A Fluorescence In Situ Hybridization System for Karyotyping Soybean

Authors: FINDLEY, SETH - University Of Missouri; Cannon, Steven; VARALA, KRANTHI - University Of Missouri; DU, JIANCHANG - Purdue University; MA, JIANXIN - Purdue University; HUDSON, MATTHEW - University Of Illinois; BIRCHLER, JAMES - University Of Missouri; STACEY, GARY - University Of Missouri

Submitted to: Genetics
Publication Type: Peer Reviewed Journal
Publication Acceptance Date: 4/4/2010
Publication Date: 7/1/2010
Citation: Findley, S.D., Cannon, S.B., Varala, K., Du, J., Ma, J., Hudson, M.E., Birchler, J., Stacey, G. 2010. A Fluorescence In Situ Hybridization System for Karyotyping Soybean. Genetics. 185:727-744.

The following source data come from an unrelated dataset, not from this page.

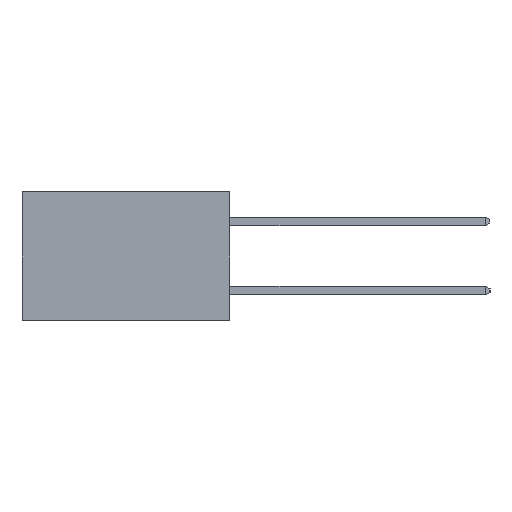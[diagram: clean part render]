
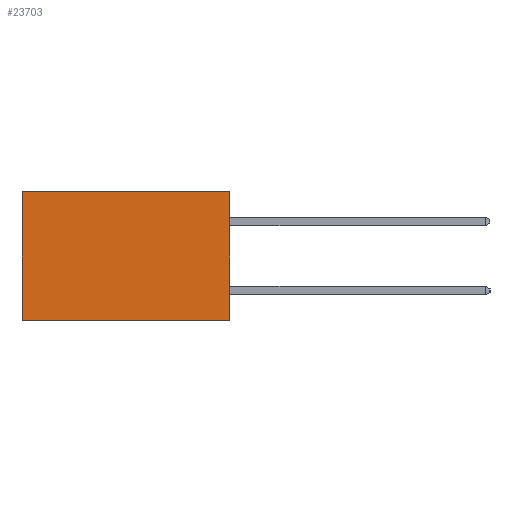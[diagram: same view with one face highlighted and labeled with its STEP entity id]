
A CAD part, left-side view. The second image highlights one B-rep face of the part: STEP entity #23703.
In plain terms, the highlighted planar face has unit normal (-1, 0, 0).
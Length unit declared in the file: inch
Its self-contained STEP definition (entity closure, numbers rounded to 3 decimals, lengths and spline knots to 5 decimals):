
#472 = LINE ( 'NONE', #14048, #10938 ) ;
#895 = DIRECTION ( 'NONE',  ( 1., 0., 0. ) ) ;
#2405 = CARTESIAN_POINT ( 'NONE',  ( 0.2615, 0., -0.37 ) ) ;
#3730 = VERTEX_POINT ( 'NONE', #5037 ) ;
#4352 = LINE ( 'NONE', #5175, #18556 ) ;
#5037 = CARTESIAN_POINT ( 'NONE',  ( 0.2615, 0.6, -0.37 ) ) ;
#5096 = LINE ( 'NONE', #17641, #14824 ) ;
#5175 = CARTESIAN_POINT ( 'NONE',  ( 0.2615, 0., -0.37 ) ) ;
#5816 = CARTESIAN_POINT ( 'NONE',  ( 0.2615, 0., -0.37 ) ) ;
#5849 = FACE_OUTER_BOUND ( 'NONE', #22399, .T. ) ;
#6318 = EDGE_CURVE ( 'NONE', #18417, #8086, #5096, .T. ) ;
#6469 = LINE ( 'NONE', #2405, #15568 ) ;
#7123 = ORIENTED_EDGE ( 'NONE', *, *, #7465, .F. ) ;
#7144 = DIRECTION ( 'NONE',  ( 0., 0., -1. ) ) ;
#7241 = AXIS2_PLACEMENT_3D ( 'NONE', #12633, #895, #14588 ) ;
#7465 = EDGE_CURVE ( 'NONE', #18417, #9183, #4352, .T. ) ;
#8031 = EDGE_CURVE ( 'NONE', #9183, #3730, #6469, .T. ) ;
#8086 = VERTEX_POINT ( 'NONE', #10467 ) ;
#9183 = VERTEX_POINT ( 'NONE', #5816 ) ;
#9592 = ORIENTED_EDGE ( 'NONE', *, *, #14436, .T. ) ;
#10467 = CARTESIAN_POINT ( 'NONE',  ( 0.2615, 0.6, 0. ) ) ;
#10938 = VECTOR ( 'NONE', #15988, 39.37008 ) ;
#12300 = DIRECTION ( 'NONE',  ( 0., 1., 0. ) ) ;
#12633 = CARTESIAN_POINT ( 'NONE',  ( 0.2615, 0., -0.37 ) ) ;
#12989 = ORIENTED_EDGE ( 'NONE', *, *, #8031, .F. ) ;
#14048 = CARTESIAN_POINT ( 'NONE',  ( 0.2615, 0.6, -0.37 ) ) ;
#14436 = EDGE_CURVE ( 'NONE', #8086, #3730, #472, .T. ) ;
#14588 = DIRECTION ( 'NONE',  ( 0., 0., -1. ) ) ;
#14824 = VECTOR ( 'NONE', #21488, 39.37008 ) ;
#15568 = VECTOR ( 'NONE', #12300, 39.37008 ) ;
#15988 = DIRECTION ( 'NONE',  ( 0., 0., -1. ) ) ;
#17442 = CARTESIAN_POINT ( 'NONE',  ( 0.2615, 0., 0. ) ) ;
#17641 = CARTESIAN_POINT ( 'NONE',  ( 0.2615, 0., 0. ) ) ;
#18417 = VERTEX_POINT ( 'NONE', #17442 ) ;
#18556 = VECTOR ( 'NONE', #7144, 39.37008 ) ;
#21488 = DIRECTION ( 'NONE',  ( 0., 1., 0. ) ) ;
#22167 = PLANE ( 'NONE',  #7241 ) ;
#22399 = EDGE_LOOP ( 'NONE', ( #9592, #12989, #7123, #24093 ) ) ;
#23703 = ADVANCED_FACE ( 'NONE', ( #5849 ), #22167, .F. ) ;
#24093 = ORIENTED_EDGE ( 'NONE', *, *, #6318, .T. ) ;

Interpretive Summary: The chromosomes of a plant cell, which contain all the information needed to generate the whole plant, can be seen under a microscope. For many applications in genetic research, important chromosomal features or genetic abnormalities can be seen directly under a microscope if the individual chromosomes can be identified. However, in many organisms, including soybean, the chromosomes are small and difficult to distinguish. This paper describes a protocol that applies fluorescent labels to uniquely identify the 20 chromosomes of soybean. The paper also reports breakages and rearrangements of several chromosomes in comparison with a wild soybean variety. These techniques and findings are important because they provide a method to soybean researchers to directly study soybean chromosomes, and to visually identify chromosomal abnormalities that may prevent fertile crosses between some soybean varieties.

Technical Abstract: The development of a universal soybean (Glycine max [L.] Merr.) cytogenetic map that associates classical genetic linkage groups, molecular linkage groups and a sequence-based physical map with the karyotype has been impeded due to the soybean chromosomes themselves, which are tiny and morphologically homogeneous. To overcome this obstacle, we screened soybean repetitive DNA to develop a cocktail of fluorescent in situ hybridization probes that could differentially label mitotic chromosomes in root tip preparations. We used genetically-anchored BAC clones both to identify individual chromosomes in metaphase spreads and to complete a FISH-based karyotyping cocktail that permitted simultaneous identification of all 20 chromosome pairs. We applied these karyotyping tools to wild soybean, Glycine soja Sieb. and Zucc., which represents a large gene pool of potentially agronomically valuable traits. These studies led to the identification and characterization of a reciprocal chromosome translocation between chromosomes 11 and 13 in two accessions of wild soybean. The data confirm that this translocation is widespread in G. soja accessions and likely accounts for the semi-sterility found in G. soja by G. max crosses.